Sunday 15 January 2017

God’s Grace

What comes to your mind when I say Bangalore, Thanjore and Madurai? Of course you will say these are cities in southern part of the country. Bingo…any idiot would answer the same. What if I told you that these are names of people and people who are famous…you may start wondering who I am talking about. These were three foremost artistes who left an indelible mark on Indian cultural history. They were Bangalore Nagaratnamma, Thanjore Balasaraswati and Madurai S.Subbalakshmi.
Bangalore Nagaratnamma (3 November 1878 – 19 May 1952) was an Indian Carnatic singer, cultural activist, scholar, patron of the arts and a historian. Nagarathnamma was born in 1878 to Puttu Lakshmi whose ancestors served as singers and musicians in the court of Mysore. Nagarthnamma continued her studies and learned Kannada, English and Telugu, also becoming proficient in music and dance.  She made her first stage appearance before a learned audience as a violinist and dancer at the age of 15.Nagarathnamma became a singer early in her life and emerged as one of the best Carnatic singers of her time. She sang in KannadaSanskrit and Telugu. Her special musical forte included Harikatha. Her talent in dance attracted the attention of the Mysore ruler Jayachamarajendra Wodeyar who, impressed with her talent, made her the Asthana Vidushi in Mysore. She later shifted to Madras as it was considered the "Mecca of Carnatic music".

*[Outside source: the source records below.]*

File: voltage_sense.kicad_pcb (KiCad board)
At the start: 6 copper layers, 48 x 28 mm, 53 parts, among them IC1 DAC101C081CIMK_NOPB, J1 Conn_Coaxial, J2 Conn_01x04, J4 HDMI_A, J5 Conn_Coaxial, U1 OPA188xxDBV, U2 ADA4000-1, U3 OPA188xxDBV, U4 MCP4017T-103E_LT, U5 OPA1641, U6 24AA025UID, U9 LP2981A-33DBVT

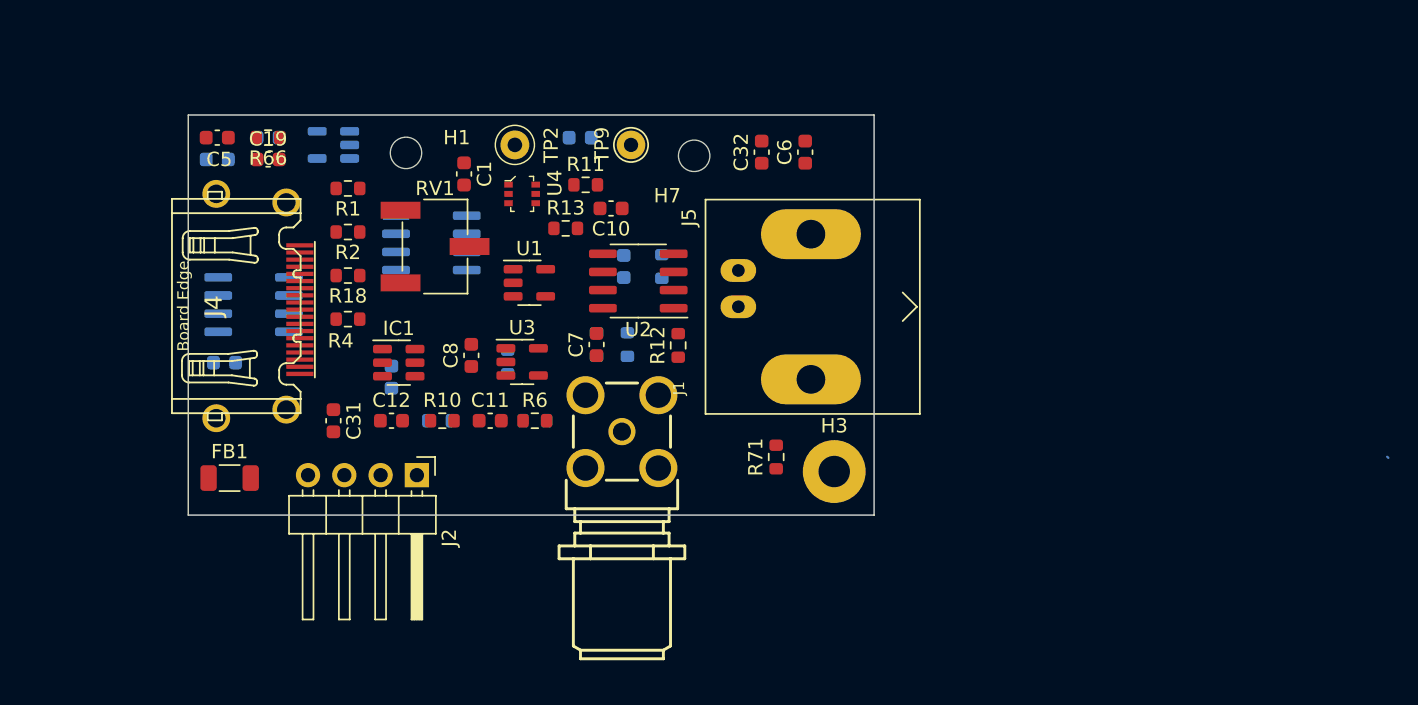
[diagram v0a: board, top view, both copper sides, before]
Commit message: found LCSC alternatives for some parts
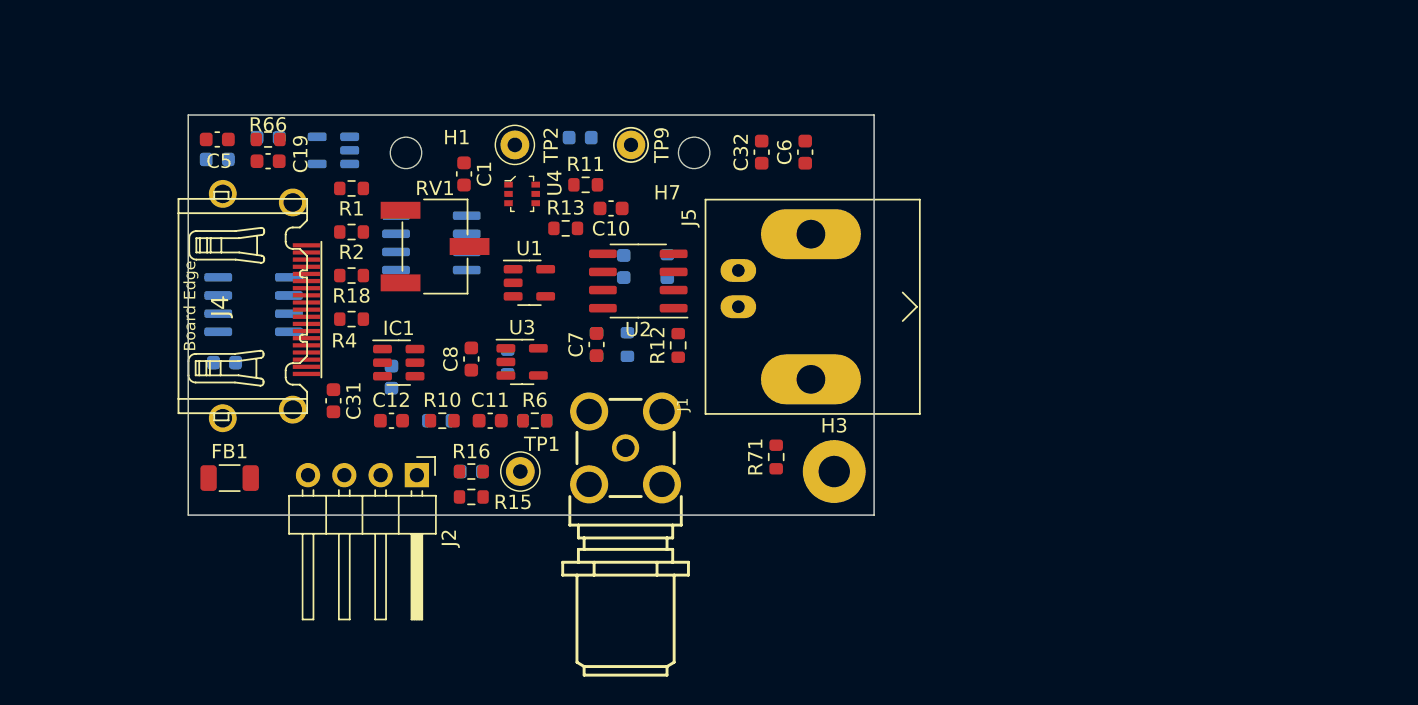
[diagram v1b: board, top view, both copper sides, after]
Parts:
- added C13: DNI, Capacitor_SMD:C_0603_1608Metric, B.Cu at (19.8, -3.05)
- added R15: 30k, Resistor_SMD:R_0603_1608Metric, F.Cu at (19.8, -1.27)
- added R16: 3k, Resistor_SMD:R_0603_1608Metric, F.Cu at (19.8, -3.05)
- added TP1: RCT-0C, digikey-footprints:Test_Point_D1.02mm, F.Cu at (23.2, -3.05)
- R14: value DNI -> 33
- moved C31 1.40 mm to (10.2, -8.00)
- moved J1 1.17 mm to (30.6, -4.70)
- moved J4 0.46 mm to (4.32, -14.6)
- moved R8 0.38 mm to (33.5, -17.4)
- moved U9 0.38 mm to (10.2, -25.5)
- moved C8 0.25 mm to (19.8, -10.9)
- moved R1 0.25 mm to (11.4, -22.9)
- moved R18 0.25 mm to (11.4, -16.8)
- moved R2 0.25 mm to (11.4, -19.8)
- moved R4 0.25 mm to (11.4, -13.7)
- moved H7 0.20 mm to (35.4, -25.4)
- moved C19 0.13 mm to (5.59, -24.8), turned to 180 degrees
- moved C5 0.13 mm to (2.03, -26.3)
- moved R66 0.13 mm to (5.59, -26.3)
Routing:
- net (no net): track 43.0 -> 0.00 mm
- net Net-(FB1-Pad1): track 40.6 -> 0.00 mm
- net /vsense/CMD: track 38.1 -> 0.00 mm
- net GND: track 34.4 -> 0.00 mm
- net /vsense/SMA_OUT: track 16.4 -> 0.00 mm
- net /vsense/AMP_OUT: track 15.4 -> 0.00 mm
- net +5V: track 14.3 -> 0.00 mm
- net /vsense/SDA: track 9.48 -> 0.00 mm
- net +3V3: track 4.87 -> 0.00 mm

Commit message: first draft of production files
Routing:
- net +3V3: track 0.00 -> 46.2 mm, vias 0 -> 3
- net GND: track 0.00 -> 39.3 mm, vias 0 -> 28
- net Net-(C12-Pad1): track 0.00 -> 31.9 mm, vias 0 -> 2
- net /vsense/SCL: track 0.00 -> 31.6 mm
- net Net-(C12-Pad2): track 0.00 -> 31.5 mm, vias 0 -> 1
- net Net-(FB1-Pad1): track 0.00 -> 29.5 mm
- net /vsense/SDA: track 0.00 -> 29.1 mm
- net Net-(C7-Pad2): track 0.00 -> 28.6 mm, vias 0 -> 2
- net Net-(R12-Pad1): track 0.00 -> 23.3 mm, vias 0 -> 1
- net /vsense/CC: track 0.00 -> 18.0 mm
- net Net-(C7-Pad1): track 0.00 -> 17.9 mm, vias 0 -> 1
- net Net-(C8-Pad2): track 0.00 -> 17.0 mm, vias 0 -> 1
- net /vsense/CMD: track 0.00 -> 15.4 mm
- net Net-(C1-Pad2): track 0.00 -> 14.9 mm
- net Net-(IC1-Pad1): track 0.00 -> 12.9 mm
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
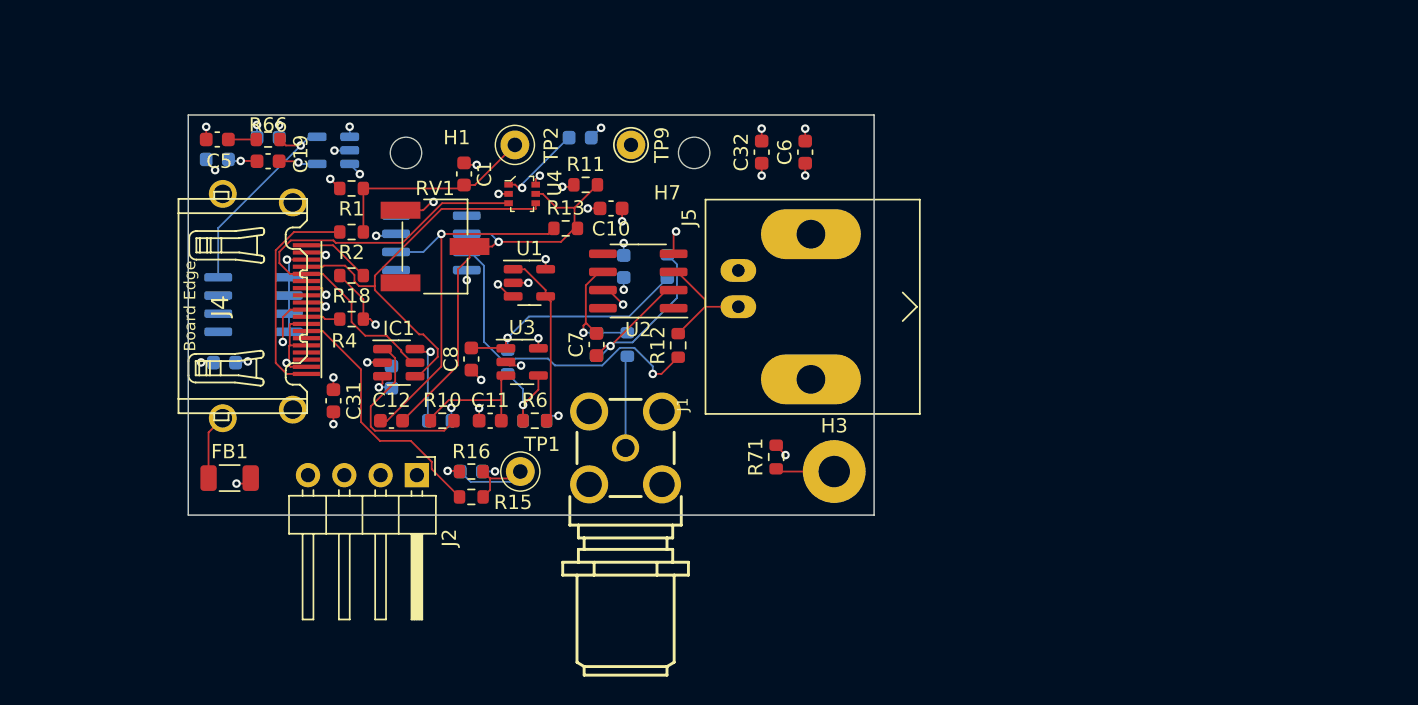
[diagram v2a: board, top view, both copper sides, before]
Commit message: moved SMA to same size as HDMI
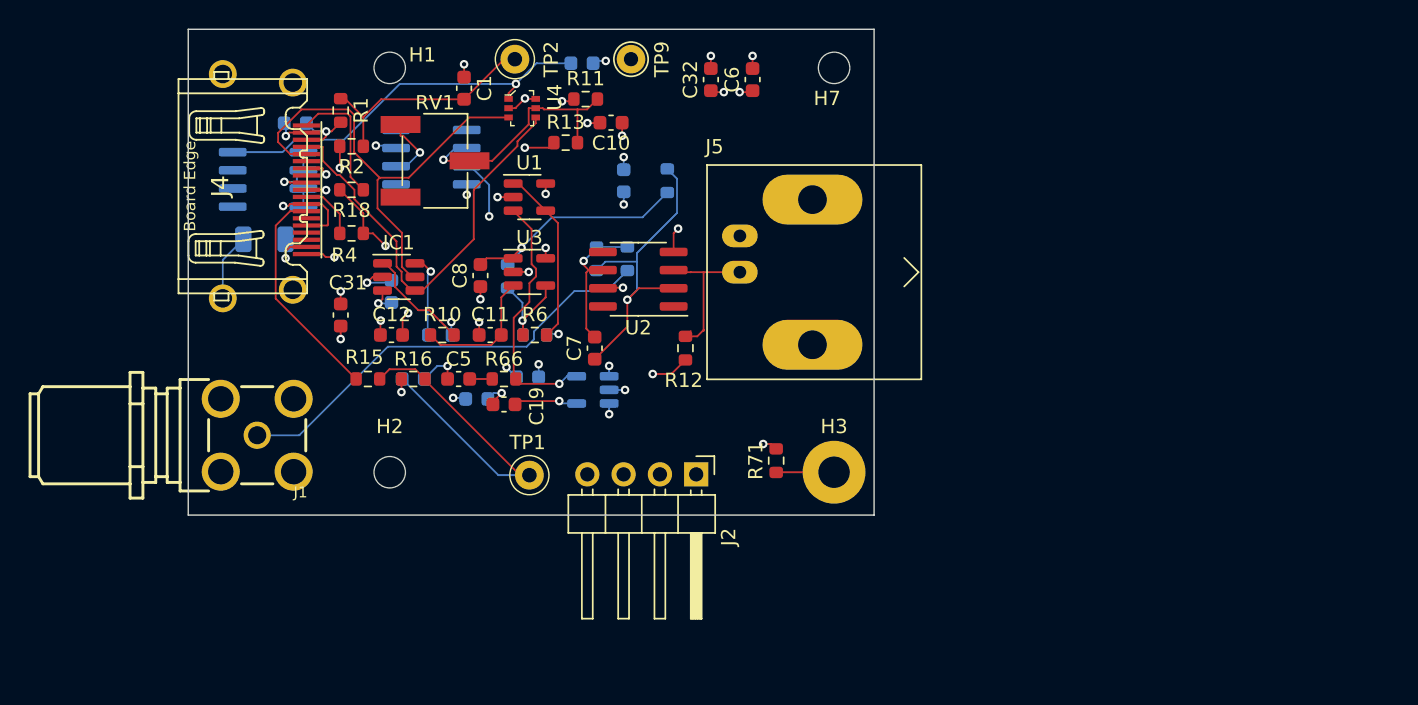
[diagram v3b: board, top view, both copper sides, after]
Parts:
- added H2: DNI, MountingHole:MountingHole_2.2mm_M2, F.Cu at (14.1, -3.00)
- C19: value 0.01u -> DNI
- FB1: moved to B.Cu
- moved J1 25.8 mm to (4.83, -5.59), turned to 180 degrees
- moved C2 24.7 mm to (20.2, -8.13)
- moved U9 24.7 mm to (28.3, -8.76)
- moved C4 24.7 mm to (23.7, -9.65)
- moved C5 23.8 mm to (18.9, -9.53)
- moved C19 23.7 mm to (22.1, -7.75)
- moved R66 23.5 mm to (22.1, -9.53)
- moved J2 19.5 mm to (35.5, -2.85)
- moved C39 17.5 mm to (7.49, -27.4), turned to 180 degrees
- moved FB1 16.9 mm to (5.33, -19.3)
- moved H7 11.5 mm to (45.2, -31.3)
- moved R15 11.0 mm to (12.6, -9.53)
- moved U6 8.82 mm to (5.59, -23.5)
- moved J4 8.39 mm to (4.32, -23.0)
- moved C13 7.65 mm to (15.7, -9.53)
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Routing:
- net /vsense/SMA_OUT: track 6.47 -> 31.0 mm
- net +3V3: track 46.2 -> 67.5 mm, vias 3 -> 2
- net Net-(C13-Pad2): track 9.30 -> 25.6 mm
- net GND: track 39.3 -> 44.7 mm, vias 28 -> 24
- net /vsense/CMD: track 15.4 -> 9.96 mm, vias 0 -> 2
- net Net-(IC1-Pad1): track 12.9 -> 7.65 mm
- net Net-(C7-Pad1): track 17.9 -> 22.6 mm
- net /vsense/AMP_OUT: track 4.86 -> 9.01 mm
- net Net-(C12-Pad1): track 31.9 -> 28.3 mm, vias 2 -> 3
- net +15V: track 11.0 -> 8.42 mm
- net /vsense/CC: track 18.0 -> 15.6 mm
- net Net-(J5-Pad1): track 8.49 -> 10.8 mm
- net /vsense/CAL_ADC: track 2.41 -> 4.19 mm
- net Net-(C19-Pad1): track 2.74 -> 4.48 mm
- net /vsense/SCL: track 31.6 -> 33.3 mm
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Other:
- board size 48 x 28 mm -> 48 x 34 mm

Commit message: files sent to JLCPCB; Order Y10-3276043A, SMT02305291257986-3276043A
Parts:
- C13, C2, C3, C39, C4, C47, C9, FB1, R14, R3, R5, R7, R8, R9, U9: moved to F.Cu
- moved C10 26.9 mm to (7.75, -11.8), turned to 90 degrees
- moved C12 23.7 mm to (37.5, -8.00), turned to 180 degrees
- moved R13 23.1 mm to (40.8, -8.00)
- moved R14 22.6 mm to (11.2, -6.60), turned to 0 degrees
- moved U5 22.3 mm to (31.4, -8.00)
- moved R11 16.4 mm to (44.1, -26.7), turned to 90 degrees
- moved U4 16.3 mm to (39.6, -26.8), turned to 0 degrees
- moved C2 11.0 mm to (26.3, -17.3), turned to 90 degrees
- moved RV1 10.6 mm to (27.8, -25.9)
- moved C31 9.19 mm to (19.3, -17.1), turned to 0 degrees
- moved C47 9.15 mm to (35.8, -27.7), turned to 0 degrees
- moved C4 8.69 mm to (32.1, -7.37), turned to 90 degrees
- moved FB1 7.81 mm to (4.32, -11.6)
- moved R2 6.38 mm to (11.4, -19.4)
- moved R10 6.16 mm to (12.4, -9.53), turned to 180 degrees
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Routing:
- net Net-(C7-Pad2): track 30.2 -> 60.2 mm
- net /vsense/SMA_OUT: track 31.0 -> 5.95 mm
- net Net-(R12-Pad1): track 23.5 -> 5.31 mm, vias 2 -> 1
- net Net-(C1-Pad2): track 16.4 -> 31.6 mm, vias 0 -> 1
- net /vsense/SDA: track 30.0 -> 45.1 mm, vias 0 -> 3
- net Net-(C12-Pad2): track 31.1 -> 44.0 mm, vias 2 -> 1
- net Net-(C12-Pad1): track 28.3 -> 40.6 mm, vias 3 -> 2
- net 3V3_BUF: track 12.4 -> 21.9 mm, vias 0 -> 2
- net /vsense/SCL: track 33.3 -> 41.5 mm, vias 0 -> 2
- net /vsense/CMD: track 9.96 -> 2.82 mm, vias 2 -> 0
- net Net-(C7-Pad1): track 22.6 -> 15.8 mm, vias 1 -> 0
- net Net-(R6-Pad1): track 7.89 -> 14.0 mm, vias 1 -> 2
- net Net-(C13-Pad2): track 25.6 -> 20.9 mm
- net /vsense/CC: track 15.6 -> 11.0 mm
- net /vsense/AMP_OUT: track 9.01 -> 4.60 mm
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
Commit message: Add files via upload
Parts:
- removed R7: 27.4k, Resistor_SMD:R_0603_1608Metric
- added C14: 0.1u, Capacitor_SMD:C_0603_1608Metric, F.Cu at (24.0, -23.4)
- added C15: 0.1u, Capacitor_SMD:C_0603_1608Metric, F.Cu at (17.3, -26.8)
- added C16: 0.1u, Capacitor_SMD:C_0603_1608Metric, B.Cu at (35.6, -19.6)
- added C17: 0.1u, Capacitor_SMD:C_0603_1608Metric, B.Cu at (34.5, -23.0)
- added C18: 0.1u, Capacitor_SMD:C_0603_1608Metric, B.Cu at (30.7, -5.21)
- added C20: 0.1u, Capacitor_SMD:C_0603_1608Metric, B.Cu at (34.9, -5.84)
- added C21: 10p, Capacitor_SMD:C_0603_1608Metric, F.Cu at (19.7, -15.9)
- added C22: 0.1u, Capacitor_SMD:C_0603_1608Metric, B.Cu at (18.8, -26.3)
- added C23: 1u, Capacitor_SMD:C_0603_1608Metric, B.Cu at (11.3, -25.3)
- added C24: 1u, Capacitor_SMD:C_0603_1608Metric, B.Cu at (17.0, -21.6)
- added R17: 100k, Resistor_SMD:R_0603_1608Metric, B.Cu at (20.6, -22.0)
- added R19: 100k, Resistor_SMD:R_0603_1608Metric, B.Cu at (20.6, -13.5)
- added R20: 100k, Resistor_SMD:R_0603_1608Metric, B.Cu at (20.6, -20.3)
- added R21: 100k, Resistor_SMD:R_0603_1608Metric, B.Cu at (20.6, -11.7)
- added R22: 100k, Resistor_SMD:R_0603_1608Metric, B.Cu at (20.6, -18.5)
- added R23: 100k, Resistor_SMD:R_0603_1608Metric, B.Cu at (20.6, -10.0)
- added R24: 100k, Resistor_SMD:R_0603_1608Metric, B.Cu at (20.6, -16.8)
- added R25: 100k, Resistor_SMD:R_0603_1608Metric, B.Cu at (20.6, -8.13)
- added R26: 3.01k, Resistor_SMD:R_0603_1608Metric, F.Cu at (28.3, -11.8)
- added R27: 10k, Resistor_SMD:R_0603_1608Metric, F.Cu at (13.8, -19.7)
- added R28: 10k, Resistor_SMD:R_0603_1608Metric, F.Cu at (15.6, -24.1)
- added R29: 4.99k, Resistor_SMD:R_0603_1608Metric, F.Cu at (24.5, -13.2)
- added R30: 3.01k, Resistor_SMD:R_0603_1608Metric, F.Cu at (31.9, -18.8)
- added R31: 49.9, Resistor_SMD:R_0603_1608Metric, F.Cu at (22.7, -19.8)
- added R32: DNI, Resistor_SMD:R_0603_1608Metric, B.Cu at (32.6, -15.7)
- added R33: 226k, Resistor_SMD:R_0603_1608Metric, B.Cu at (28.7, -25.8)
- added R34: 348k, Resistor_SMD:R_0603_1608Metric, B.Cu at (27.1, -17.9)
- added R35: 470k, Resistor_SMD:R_0603_1608Metric, B.Cu at (29.2, -15.6)
- added R36: 604k, Resistor_SMD:R_0603_1608Metric, B.Cu at (32.1, -25.8)
- added R38: DNI, Resistor_SMD:R_0603_1608Metric, B.Cu at (27.1, -8.89)
- added R39: 226k, Resistor_SMD:R_0603_1608Metric, B.Cu at (35.9, -13.7)
- added R40: 348k, Resistor_SMD:R_0603_1608Metric, B.Cu at (29.7, -13.7)
- added R41: 470k, Resistor_SMD:R_0603_1608Metric, B.Cu at (27.2, -11.3)
- added R42: 604k, Resistor_SMD:R_0603_1608Metric, B.Cu at (38.1, -10.2)
- added U10: TMUX6111PWR, covg-kicad:PW0016A_N, B.Cu at (32.6, -9.91)
- added U11: REF3440TIDBVR, covg-kicad:REF3440, B.Cu at (15.0, -25.4)
- added U7: ADA4000-2ARZ-R7, covg-kicad:R_8_ADI, F.Cu at (33.0, -13.2)
- added U8: TMUX6111PWR, covg-kicad:PW0016A_N, B.Cu at (30.7, -20.8)
- C11: value 0.1u -> 1u
- C31, C32: moved to B.Cu
- C7: value 4p -> 0.1u; moved to B.Cu
- C8: value 0.1u -> 1n
- J2: value Conn_01x04 -> DNI
- R10: value 27.4k -> 49.9k
- R12: value DNI -> 0
- R5: value 60.4k -> 100k; moved to B.Cu
- R6: value 33.2k -> 49.9k
- R8: value 3.01k -> DNI; moved to B.Cu
- R9: value 10k -> 4.99k
- RV1: footprint Potentiometer_SMD:Potentiometer_Bourns_3269W_Vertical -> covg-kicad:TRIM_3269W-1-103GLF
- U2: value ADA4000-1 -> TCA9555DBR; footprint Package_SO:SOIC-8_3.9x4.9mm_P1.27mm -> Package_SO:SSOP-24_5.3x8.2mm_P0.65mm; moved to B.Cu
- moved R8 30.1 mm to (4.83, -17.7), turned to 0 degrees
- moved R5 28.7 mm to (4.83, -19.7)
- moved C31 25.7 mm to (42.9, -27.2), turned to -90 degrees
- moved C6 22.7 mm to (35.7, -8.13), turned to 0 degrees
- moved C7 21.9 mm to (8.76, -21.3), turned to 0 degrees
- moved U5 21.4 mm to (38.2, -28.3)
- moved R13 19.2 mm to (33.8, -25.9), turned to 90 degrees
- moved U2 17.8 mm to (13.7, -16.0)
- moved C12 14.9 mm to (33.8, -22.5), turned to -90 degrees
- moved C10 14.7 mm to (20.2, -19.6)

According to Nagarathnamma, she was directed in a dream to build a memorial in honour of Saint Thyagaraja and create a platform for perpetuating Carnatic music. Following this, she turned to an ascetic way of life and donated all her earnings to this cause. Nagarathnamma restored the dilapidated samadhi and convert it into a memorial in honour of the Thyagaraja. In the 1920s the music festival held at this location was male-dominated. As a challenge, she started organizing a parallel music festival at the back of the saint's temple.  Eventually, in 1941, her activism paid off, and the opposing groups involved with the festival merged into a single entity, allowing both men and women to sing in the festival. This music festival is now one of the most popular musical event in South India.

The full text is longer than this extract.